"Meister oder Master" ist die Titelgeschichte des Magazin GEWINN im Spätherbst 2019. Der Beitrag beschäftigt sich damit, dass Handwerk(er) tatsächlich wieder einen goldenen Boden und damit goldene Zeiten vor sich hat/haben. Aber wie schaut es mit den dahinterliegenden Organisationen aus - den Betrieben, den Behörden, den Einrichtungen, den Konzernen?
Wenn man mit TeilnehmerInnen am täglichen Organisationsgeschehen spricht, hat man nur selten den Eindruck, dass klassische Organisationen aktuell goldene Böden produzieren und goldenen Zeiten entgegen blicken - doch warum ist das so?

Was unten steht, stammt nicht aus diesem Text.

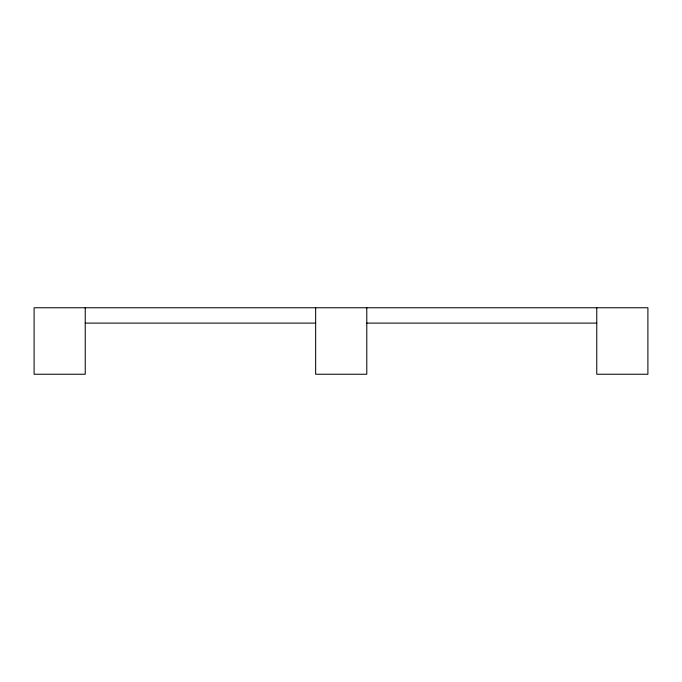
<?xml version="1.0" encoding="UTF-8"?>
<svg xmlns="http://www.w3.org/2000/svg" width="682" height="682" viewBox="0 0 682 682"><rect width="100%" height="100%" fill="white"/><g stroke="black" fill="none" stroke-linecap="round" stroke-linejoin="round"><path stroke-width="1.02" d="M85.241 323.106L315.647 323.106M366.788 323.106L596.759 323.106M596.759 307.761L596.759 374.239L647.9 374.239L647.9 307.761L34.1 307.761L34.1 374.239L85.241 374.239L85.241 307.761M366.788 307.761L366.788 374.239L315.647 374.239L315.647 307.761"/></g></svg>
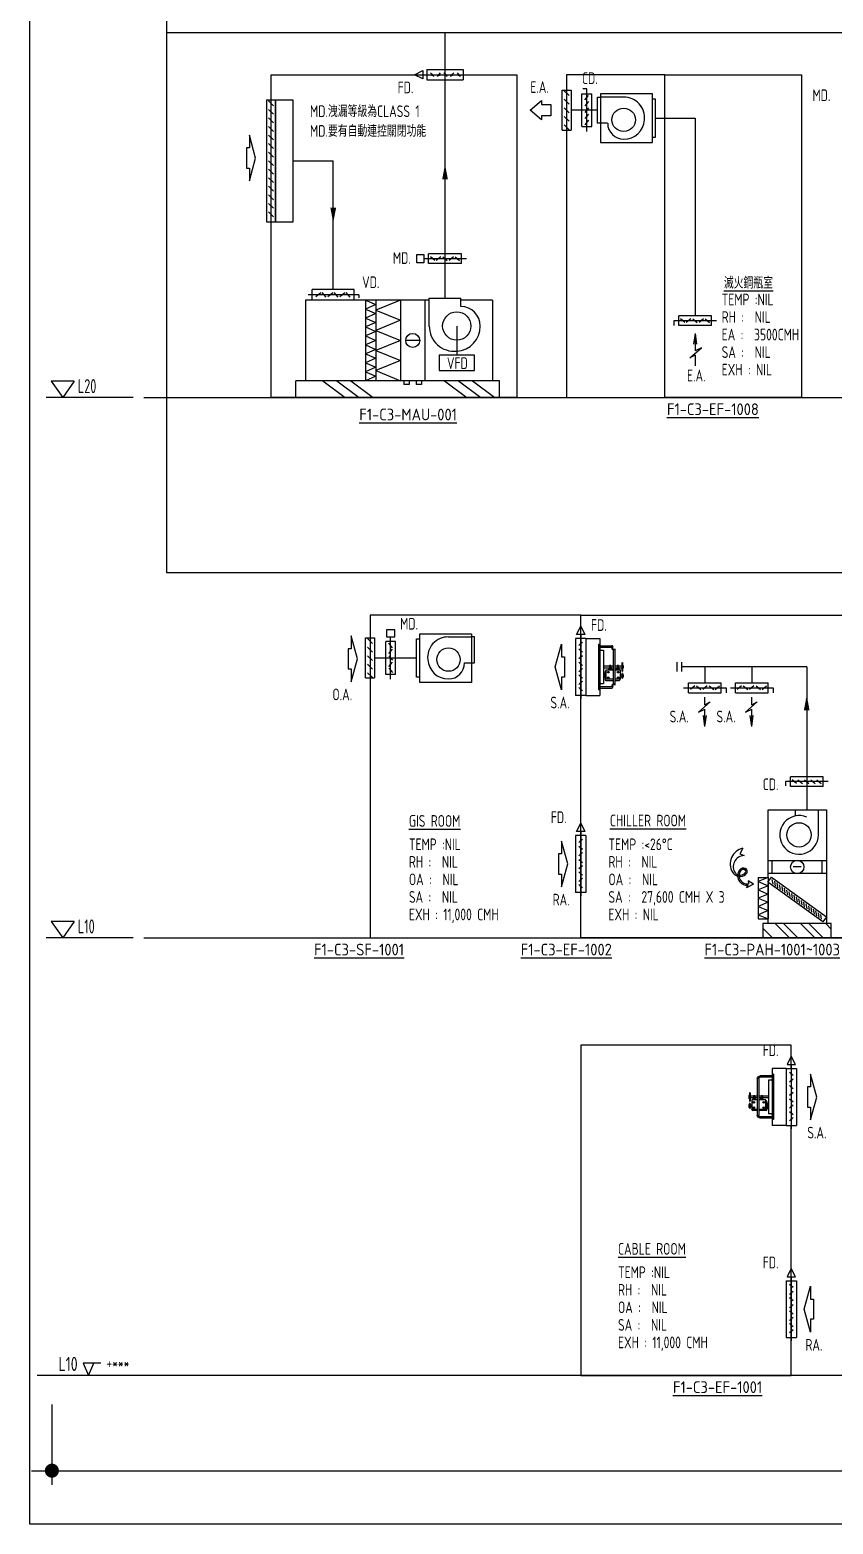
# Model space of a CAD drawing. Extents: x 41366 to 42076, y 84937 to 85507.
# Drawn here: x 41365.6 to 41537.2, y 84936.7 to 85256.1 of the extents above; entities that cross this region are included whole.
import ezdxf
from ezdxf.enums import TextEntityAlignment as Align

# ---------------------------------------------------------------- set-up
doc = ezdxf.new("R2010")
doc.units = 0
doc.header["$LTSCALE"] = 10
for name, color, linetype in [('7-F-TX', 2, 'Continuous'), ('A-DETL-01', 1, 'Continuous'), ('ARROW', 91, 'Continuous'), ('ARROW-1', 12, 'Continuous'), ('E-RS-TXT', 3, 'Continuous'), ('G-ANNO-DIM', 2, 'Continuous'), ('G-ANNO-NPLT', 1, 'Continuous'), ('G-ANNO-TEXT', 3, 'Continuous'), ('M-DETL-22', 22, 'Continuous'), ('M-DUCT', 6, 'Continuous'), ('M-DUCT-DAPR', 3, 'Continuous'), ('M-DUCT-FLOW', 2, 'Continuous'), ('M-EQPM-FFU', 3, 'Continuous'), ('M-EXHS-DAPR', 2, 'Continuous'), ('M-EXHS-EQPM', 3, 'Continuous'), ('M-EXHS-TEXT', 4, 'Continuous'), ('M-HVAC-EQPM', 22, 'Continuous'), ('M-HVAC-EQPM-TEXT', 4, 'Continuous'), ('M-HVAC-TEXT', 4, 'Continuous'), ('M-MA-DUCT', 150, 'Continuous'), ('SL', 1, 'Continuous')]:
    doc.layers.add(name, color=color, linetype=linetype)
doc.styles.add('AA-TXT', font='isocp.shx', dxfattribs={"width": 0.8, "bigfont": 'chineset.shx'})
doc.styles.add('STDTEXT', font='isocp.shx', dxfattribs={"bigfont": 'chineset.shx'})

# ---------------------------------------------------------------- blocks, each defined once
blk = doc.blocks.new('RISER-TXT')
at = {"layer": 'G-ANNO-TEXT'}
for p, q in [((-1.15, 2.64), (0, 0)), ((2.6, 2.64), (-1.15, 2.64)), ((0, 0), (1.15, 2.64))]:
    blk.add_line(p, q, dxfattribs=at)
at = {"layer": 'G-ANNO-TEXT', "style": 'AA-TXT', "width": 0.8}
blk.add_attdef('LEVEL', text='', height=3, dxfattribs=at).set_placement((-2.33, 0.96), align=Align.RIGHT)
blk.add_attdef('HIGEHT', (3.82, 1.42), '', height=2.5, dxfattribs=at)
blk = doc.blocks.new('_Dot')
at = {"color": 0, "linetype": 'ByBlock', "lineweight": -2}
blk.add_line((-0.5, 0), (-1, 0), dxfattribs=at)
at = {"color": 0, "linetype": 'ByBlock', "const_width": 0.5}
blk.add_lwpolyline([(-0.25, 0, 1), (0.25, 0, 1)], format="xyb", close=True, dxfattribs=at)
blk = doc.blocks.new('0-S')
at = {"layer": 'M-EXHS-EQPM', "color": 1}
blk.add_lwpolyline([(0, 0), (-291, -79), (-129, -79), (-129, -118), (129, -118), (129, -79), (291, -79), (0, 0)], dxfattribs=at)
blk = doc.blocks.new('VDD')
at = {"layer": 'M-DETL-22'}
for p, q in [((-31.4, -9.4), (-44.9, -20.6)), ((-13.3, -20.6), (-26.8, -9.4)), ((-6.7, -20.6), (6.7, -9.4)), ((25.7, -20.6), (12.3, -9.4)), ((30.9, -20.6), (44.3, -9.4))]:
    blk.add_line(p, q, dxfattribs=at)
at = {"layer": 'M-DETL-22', "const_width": 1.8}
for points in [[(-39.1, -15, 1), (-37.3, -15, 1)], [(-20.9, -15, 1), (-19.1, -15, 1)], [(-0.9, -15, 1), (0.9, -15, 1)], [(18.1, -15, 1), (19.9, -15, 1)], [(36.7, -15, 1), (38.5, -15, 1)]]:
    blk.add_lwpolyline(points, format="xyb", close=True, dxfattribs=at)
at = {"layer": 'M-EXHS-DAPR'}
for p, q in [((-65, -15), (-65, 0)), ((50, 0), (-50, 0)), ((-50, 0), (-50, -30)), ((50, 0), (50, -30)), ((65, -15), (-65, -15)), ((50, -30), (-50, -30))]:
    blk.add_line(p, q, dxfattribs=at)
blk = doc.blocks.new('A$C736A3C6C')
at = {"layer": 'M-DUCT-FLOW'}
for p, q in [((0.52, 5.56), (0.92, 4.24)), ((0.92, 4.24), (1.82, 4.63)), ((7.59, 1.7), (6.25, 1.4)), ((6.25, 1.4), (6.74, 1.01)), ((7.04, 0.12), (6.92, 0.78)), ((7.59, 1.7), (7.04, 0.12))]:
    blk.add_line(p, q, dxfattribs=at)
for centre, radius, start, end in [((3.49, 3.72), 3.49, 148.2926, 255.3353), ((3.57, 2.99), 2.39, 136.7685, 260.7009), ((3.02, 2.46), 2.16, 258.9818, 296.2087), ((3.29, 1.52), 0.897, 263.2815, 301.704), ((4.51, 1.86), 1.18, 115.8626, 185.408), ((5.33, 2.01), 2.01, 187.3911, 322.1263), ((4.51, 1.86), 0.873, 118.7221, 185.408), ((5.34, 2.01), 1.72, 187.6123, 324.6917), ((4.14, 2.12), 0.813, 349.909, 100.4542), ((2.91, 2.28), 1.75, 308.9353, 351.6708), ((4.14, 2.12), 0.506, 349.4581, 95.925), ((2.91, 2.28), 2.05, 309.7232, 351.5183)]:
    blk.add_arc(centre, radius, start, end, dxfattribs=at)
blk = doc.blocks.new('MOI')
blk.add_lwpolyline([(44.2, 12), (44.2, -12), (24.2, -12), (24.2, -20.8), (0, 0), (24.2, 20.8), (24.2, 12)], close=True)

msp = doc.modelspace()

# ---------------------------------------------------------------- hatches: boundary and pattern name
at = {"layer": 'M-DUCT-FLOW'}
h = msp.add_hatch(dxfattribs=at)
h.set_pattern_fill('ANSI32', color=256, scale=0.4, style=0)
h.set_pattern_definition([(135, (41606.1764, 84791.5064), (2.694077, 2.694077), []), (135, (41604.3804, 84791.5064), (2.694077, 2.694077), [])])
h.paths.add_polyline_path([(41536.8, 85065.04), (41522.2, 85065.04), (41522.2, 85062), (41536.8, 85062)])

# ---------------------------------------------------------------- linework, layer by layer
at = {"color": 2}
for p, q in [((41370.27, 84962.28), (41370.27, 84945.11)), ((41365.92, 84948.11), (42058.53, 84948.11))]:
    msp.add_line(p, q, dxfattribs=at)
at = {"layer": '7-F-TX'}
for p, q in [((41375.03, 85180.99), (41370.13, 85180.99)), ((41370.13, 85180.99), (41372.58, 85177.5)), ((41375.03, 85180.99), (41372.58, 85177.5)), ((41375.03, 85065.49), (41370.13, 85065.49)), ((41370.13, 85065.49), (41372.58, 85062)), ((41375.03, 85065.49), (41372.58, 85062))]:
    msp.add_line(p, q, dxfattribs=at)
at = {"layer": 'A-DETL-01', "linetype": 'Continuous'}
msp.add_line((42066.44, 84968.46), (41367.1, 84968.46), dxfattribs=at)
at = {"layer": 'ARROW'}
for points in [[(41454.27, 85224.14, 1.22, 0, 0), (41454.27, 85227.38, 0, 0, 0)], [(41430.38, 85218.05, 1.22, 0, 0), (41430.38, 85214.81, 0, 0, 0)], [(41531.55, 85110.61, 1.22, 0, 0), (41531.55, 85113.92, 0, 0, 0)]]:
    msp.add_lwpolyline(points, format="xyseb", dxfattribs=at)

Dazu gibt es wohl zumindest immer um eine Frage mehr als jeweils dazugehörende Antworten. Eine Erklärung aber könnte sein, dass in den letzten Jahren Organisationen zunehmend auf dem Gerüst von Theorien, mathematischen Modellen und kaufmännischen Kennzahlen erbaut oder neu erfunden wurden. Schneller, höher und weiter wurde für viele Organisationen übersetz in effizienter, kompromissloser und (kurzfristig) wirtschaftlicher. In dieser Rechnung wird dann zumeist miteinander, langfristiger und nachhaltiger herausgekürzt. Redundanzen und scheinbare Doppelgleisigkeiten werden "erfolgreich" erkannt und eliminiert - zu oft auf Kosten der notwendigen Bewegungsräume und der organisationalen Stabilität.
Organisationen sind lebende Systeme und haben damit auch das Bedürfnis als etwas Lebendiges erkannt, geschätzt und behandelt zu werden. Eine wesentliche Aufgabe ist es deshalb, sich mit dem System Organisation zu beschäftigen, es zu beobachten, seine Eigenheiten zu erkennen und MIT diesen zu arbeiten, anstatt diese mit teilweise hohem Aufwand eliminieren zu wollen.
Eine Organisation gilt es zu behandeln wie das erfahrene Handwerker mit ihren Werkstücken machen, die letztlich mehr als bspw. nur eine Skulptur werden sollen. Es gilt etwas besonderes zu schaffen, aus einem lebendigen Werkstoff, der durch die Bearbeitung nicht nur einzigartiger, sondern auch wertvoller wird. Je nachdem, in welcher Umgebung das Werkstück sich befindet, wird es mitunter (ab)genützt, es erodiert durch Wind und Wetter oder es wird sogar beschädigt. All das gilt es mit großer Aufmerksamkeit zu beobachten und zu erkennen - um dann mit einem passenden Werkzeug, gut überlegt wieder Hand anzulegen.
Mit diesem Bild wird das Entwickeln von Organisationen (wieder) zum Handwerk und handwerkliches Geschick zur Managementaufgabe. Die Haltung des Handwerkers ist das, was ein Werk lebendig werden lässt. Es gilt zu schrauben und zu schleifen, zu kneten und zu formen und immer wieder zu polieren und zu veredeln - manchmal nacheinander und immer wieder gleichzeitig. Zwischendurch sollte man aber immer daran denken, sein Werk zu bewundern und sein Dasein zu schätzen. Auf diese Weise lassen sich Organisationen be_greifen und be_handeln und erfolgreich weiter_entwickeln.